You say I paid high, I say I weighed it out on the scales, it was cheap.
Money’s no good here, I traded my body, I paid with my life!
Dark One, give Mira a glance, we struck a bargain lifetimes ago.[18]
How can I write to Hari?
My pen, full, my heart, frail. In my mind, the words, silenced. In my eyes, tears.
If I can not write a letter,
How shall I touch his lotus-feet?
Mira asks Girdhara to take away her pain.
There is the account of an unknown sadhu who joined the company Mira was traveling with. This man insisted the Dark One had appeared in a vision, instructing him to seek out Mirabai and make love to her. Approaching Mira, he demanded she prove her devotion by complying with dark Krishna’s command. Mira turned on her heels lightly and led him to the city square where a crowd of bhaktas had collected to sing. She bundled an armful of robes into a bed in the midst of the crowd and scattered flowers across it. Announcing to the curious assembly that she was intended to honor her lord, she loosened her gown. « We shall honor the Dark One’s directive, » she smile. « Come you are among friends. » Surrounded by Mira’s watchful companions, the sadhu grew pale, started to tremble, then threw himself at Mirabai’s feet and begged her forgiveness. It is said he became a resolute follower of the prem-bhakti-marga (path of love and devotion), and one of Mirabai’s staunchest admirers.

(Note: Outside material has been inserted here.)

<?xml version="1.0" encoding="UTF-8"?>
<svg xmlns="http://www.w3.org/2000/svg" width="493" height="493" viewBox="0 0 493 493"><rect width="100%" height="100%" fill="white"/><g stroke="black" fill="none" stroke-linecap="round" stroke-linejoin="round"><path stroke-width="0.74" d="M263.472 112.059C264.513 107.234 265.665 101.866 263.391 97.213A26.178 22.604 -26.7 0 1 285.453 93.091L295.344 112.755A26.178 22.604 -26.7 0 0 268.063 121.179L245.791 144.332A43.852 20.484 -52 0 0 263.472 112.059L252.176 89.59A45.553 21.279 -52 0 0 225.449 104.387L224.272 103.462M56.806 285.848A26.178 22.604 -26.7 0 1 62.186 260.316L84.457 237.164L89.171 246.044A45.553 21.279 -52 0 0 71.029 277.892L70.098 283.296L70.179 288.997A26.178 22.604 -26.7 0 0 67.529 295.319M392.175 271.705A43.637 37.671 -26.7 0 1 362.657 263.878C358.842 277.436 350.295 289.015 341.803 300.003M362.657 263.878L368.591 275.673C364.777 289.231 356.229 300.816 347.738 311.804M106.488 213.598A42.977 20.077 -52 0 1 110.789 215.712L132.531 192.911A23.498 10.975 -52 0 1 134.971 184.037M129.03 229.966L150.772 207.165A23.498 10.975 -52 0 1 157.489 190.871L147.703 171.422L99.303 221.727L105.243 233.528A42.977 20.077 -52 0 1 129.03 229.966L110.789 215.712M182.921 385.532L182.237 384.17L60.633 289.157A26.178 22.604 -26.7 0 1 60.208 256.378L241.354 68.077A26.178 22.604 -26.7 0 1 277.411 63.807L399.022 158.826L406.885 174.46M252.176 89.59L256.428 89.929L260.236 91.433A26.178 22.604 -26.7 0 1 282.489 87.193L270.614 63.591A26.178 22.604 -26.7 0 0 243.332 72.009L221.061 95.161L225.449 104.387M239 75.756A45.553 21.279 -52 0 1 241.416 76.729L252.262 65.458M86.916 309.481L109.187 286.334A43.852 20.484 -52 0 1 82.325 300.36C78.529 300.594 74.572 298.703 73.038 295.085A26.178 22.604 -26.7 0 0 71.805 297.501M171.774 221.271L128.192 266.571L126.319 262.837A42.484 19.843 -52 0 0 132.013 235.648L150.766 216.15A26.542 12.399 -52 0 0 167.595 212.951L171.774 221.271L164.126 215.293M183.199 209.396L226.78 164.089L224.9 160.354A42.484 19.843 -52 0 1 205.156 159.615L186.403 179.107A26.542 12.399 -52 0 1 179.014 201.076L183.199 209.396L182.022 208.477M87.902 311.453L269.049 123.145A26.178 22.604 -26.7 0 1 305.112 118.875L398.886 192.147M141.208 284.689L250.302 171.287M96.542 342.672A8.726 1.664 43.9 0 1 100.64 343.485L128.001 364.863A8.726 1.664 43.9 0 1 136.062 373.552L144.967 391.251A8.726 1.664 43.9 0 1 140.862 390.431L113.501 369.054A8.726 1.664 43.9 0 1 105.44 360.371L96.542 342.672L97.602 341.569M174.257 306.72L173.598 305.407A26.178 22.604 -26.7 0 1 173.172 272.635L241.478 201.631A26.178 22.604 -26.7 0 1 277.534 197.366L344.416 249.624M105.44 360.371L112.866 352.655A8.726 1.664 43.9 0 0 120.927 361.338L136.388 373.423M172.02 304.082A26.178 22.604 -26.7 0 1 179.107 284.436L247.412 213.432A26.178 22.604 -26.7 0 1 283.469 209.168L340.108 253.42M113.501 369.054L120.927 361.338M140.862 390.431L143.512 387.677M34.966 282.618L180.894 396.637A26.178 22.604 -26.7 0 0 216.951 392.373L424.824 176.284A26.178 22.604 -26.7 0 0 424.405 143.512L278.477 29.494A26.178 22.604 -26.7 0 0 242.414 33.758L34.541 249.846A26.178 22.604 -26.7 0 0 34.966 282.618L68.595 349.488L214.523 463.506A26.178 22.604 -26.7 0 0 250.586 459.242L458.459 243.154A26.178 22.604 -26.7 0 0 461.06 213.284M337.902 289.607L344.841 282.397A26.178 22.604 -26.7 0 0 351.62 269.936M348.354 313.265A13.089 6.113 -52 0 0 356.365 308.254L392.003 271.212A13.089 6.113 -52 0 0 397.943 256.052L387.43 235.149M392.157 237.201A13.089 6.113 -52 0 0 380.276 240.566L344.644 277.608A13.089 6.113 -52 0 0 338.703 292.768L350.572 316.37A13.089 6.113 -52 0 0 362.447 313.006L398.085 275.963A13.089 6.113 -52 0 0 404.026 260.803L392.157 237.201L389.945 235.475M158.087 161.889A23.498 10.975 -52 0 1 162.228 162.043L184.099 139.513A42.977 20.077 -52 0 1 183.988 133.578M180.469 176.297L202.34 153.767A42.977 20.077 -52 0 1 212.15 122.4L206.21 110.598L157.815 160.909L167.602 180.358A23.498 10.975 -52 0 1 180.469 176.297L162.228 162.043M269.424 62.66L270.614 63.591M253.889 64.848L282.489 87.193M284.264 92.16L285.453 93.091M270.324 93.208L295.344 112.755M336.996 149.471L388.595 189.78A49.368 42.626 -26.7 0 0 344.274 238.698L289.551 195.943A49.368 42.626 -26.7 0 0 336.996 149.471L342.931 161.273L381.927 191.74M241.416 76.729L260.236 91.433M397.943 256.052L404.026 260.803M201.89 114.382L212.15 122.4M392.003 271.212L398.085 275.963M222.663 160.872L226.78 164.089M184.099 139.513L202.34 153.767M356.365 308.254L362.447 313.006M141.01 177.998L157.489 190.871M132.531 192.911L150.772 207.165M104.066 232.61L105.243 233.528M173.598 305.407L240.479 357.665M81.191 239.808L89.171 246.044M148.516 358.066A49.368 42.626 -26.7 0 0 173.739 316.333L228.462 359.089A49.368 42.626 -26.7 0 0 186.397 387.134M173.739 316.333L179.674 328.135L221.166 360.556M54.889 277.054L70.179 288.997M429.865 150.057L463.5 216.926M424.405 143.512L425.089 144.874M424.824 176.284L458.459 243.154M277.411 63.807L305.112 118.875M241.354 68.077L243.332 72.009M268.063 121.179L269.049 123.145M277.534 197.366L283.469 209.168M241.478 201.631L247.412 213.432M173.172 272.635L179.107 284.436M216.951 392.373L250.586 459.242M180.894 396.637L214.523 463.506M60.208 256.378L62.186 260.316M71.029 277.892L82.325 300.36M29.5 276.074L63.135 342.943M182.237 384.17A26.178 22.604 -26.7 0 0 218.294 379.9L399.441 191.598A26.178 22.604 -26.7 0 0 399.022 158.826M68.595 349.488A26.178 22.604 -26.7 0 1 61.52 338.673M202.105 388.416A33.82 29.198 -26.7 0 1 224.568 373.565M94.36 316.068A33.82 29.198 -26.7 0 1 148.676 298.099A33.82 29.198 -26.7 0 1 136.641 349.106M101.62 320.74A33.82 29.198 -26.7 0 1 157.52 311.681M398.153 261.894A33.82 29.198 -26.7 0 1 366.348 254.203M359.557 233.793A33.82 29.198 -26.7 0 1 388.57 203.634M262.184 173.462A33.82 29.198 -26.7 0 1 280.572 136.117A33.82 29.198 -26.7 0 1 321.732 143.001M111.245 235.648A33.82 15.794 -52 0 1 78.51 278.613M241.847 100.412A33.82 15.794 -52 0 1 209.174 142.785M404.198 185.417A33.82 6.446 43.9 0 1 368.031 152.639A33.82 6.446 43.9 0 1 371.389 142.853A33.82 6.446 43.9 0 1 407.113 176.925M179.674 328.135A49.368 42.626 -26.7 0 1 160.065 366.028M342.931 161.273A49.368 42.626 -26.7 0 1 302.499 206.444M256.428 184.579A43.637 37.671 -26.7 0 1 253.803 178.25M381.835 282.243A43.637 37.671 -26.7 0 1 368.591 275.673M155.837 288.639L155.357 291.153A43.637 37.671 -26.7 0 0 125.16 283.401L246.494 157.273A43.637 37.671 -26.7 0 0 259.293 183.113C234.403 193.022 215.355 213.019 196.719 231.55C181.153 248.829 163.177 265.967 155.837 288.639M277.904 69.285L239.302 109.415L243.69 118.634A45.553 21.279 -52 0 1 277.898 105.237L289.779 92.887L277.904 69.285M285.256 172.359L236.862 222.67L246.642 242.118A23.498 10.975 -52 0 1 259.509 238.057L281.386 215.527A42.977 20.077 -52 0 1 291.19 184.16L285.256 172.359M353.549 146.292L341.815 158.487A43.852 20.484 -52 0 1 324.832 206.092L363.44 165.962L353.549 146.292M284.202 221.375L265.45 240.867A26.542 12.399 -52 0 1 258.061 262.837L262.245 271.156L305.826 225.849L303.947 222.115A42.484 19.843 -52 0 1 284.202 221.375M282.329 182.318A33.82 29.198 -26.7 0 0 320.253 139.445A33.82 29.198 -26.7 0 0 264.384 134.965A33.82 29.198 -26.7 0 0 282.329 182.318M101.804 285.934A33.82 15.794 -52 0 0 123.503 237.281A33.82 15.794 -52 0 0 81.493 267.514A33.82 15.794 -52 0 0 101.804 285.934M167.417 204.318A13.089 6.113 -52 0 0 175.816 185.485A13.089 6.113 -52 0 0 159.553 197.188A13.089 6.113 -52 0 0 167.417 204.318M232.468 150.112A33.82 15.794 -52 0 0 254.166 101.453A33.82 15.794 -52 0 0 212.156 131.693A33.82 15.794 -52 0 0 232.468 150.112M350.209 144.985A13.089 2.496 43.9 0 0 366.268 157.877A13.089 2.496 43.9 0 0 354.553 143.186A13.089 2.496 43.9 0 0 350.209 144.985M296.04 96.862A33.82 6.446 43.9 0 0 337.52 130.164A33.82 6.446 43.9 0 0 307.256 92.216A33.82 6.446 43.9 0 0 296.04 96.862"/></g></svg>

Listen, friend, the Dark One laughs and scours my body with ravenous eyes. Eyebrows are bows, darting glances are arrows that pierce a wrecked heart.
« You will heal I’ll bind you with magical diagrams and crush drugs for a poultice But if it’s love that afflicts you my powers are worthless »
Sister, how can I heal? I’ve already crushed sandalwood paste, tried witchcraft — charms and weird spells.
Wherever I go his sweet form is laughing inside me.
Tear open these breasts you’ll see a torn heart!
Unless she sees her dark lover how can Mira endure her own body?
At one time about fifteen hundred mediators came down from the hills and sat together in a big hall in north India. The number of people doing hard inner work in that century was large. They asked Kabir to read to them, but had not asked Mirabai. Kabir entered the hall, and said, « Where is Mirabai? You know what I see in this hall? I see fifteen hundred male egos. » He refused to read until Mirabai came. So someone went for her — she was miles away — and they waited in silence, maybe one day or two. Mirabai at last arrived. She read for thirty-five minutes. At the end of that time it was clear that her bhakti was so much greater than anyone else’s in the room, that the gathering broke up, and all the meditators, reminded of how much they had to do, went back to their huts.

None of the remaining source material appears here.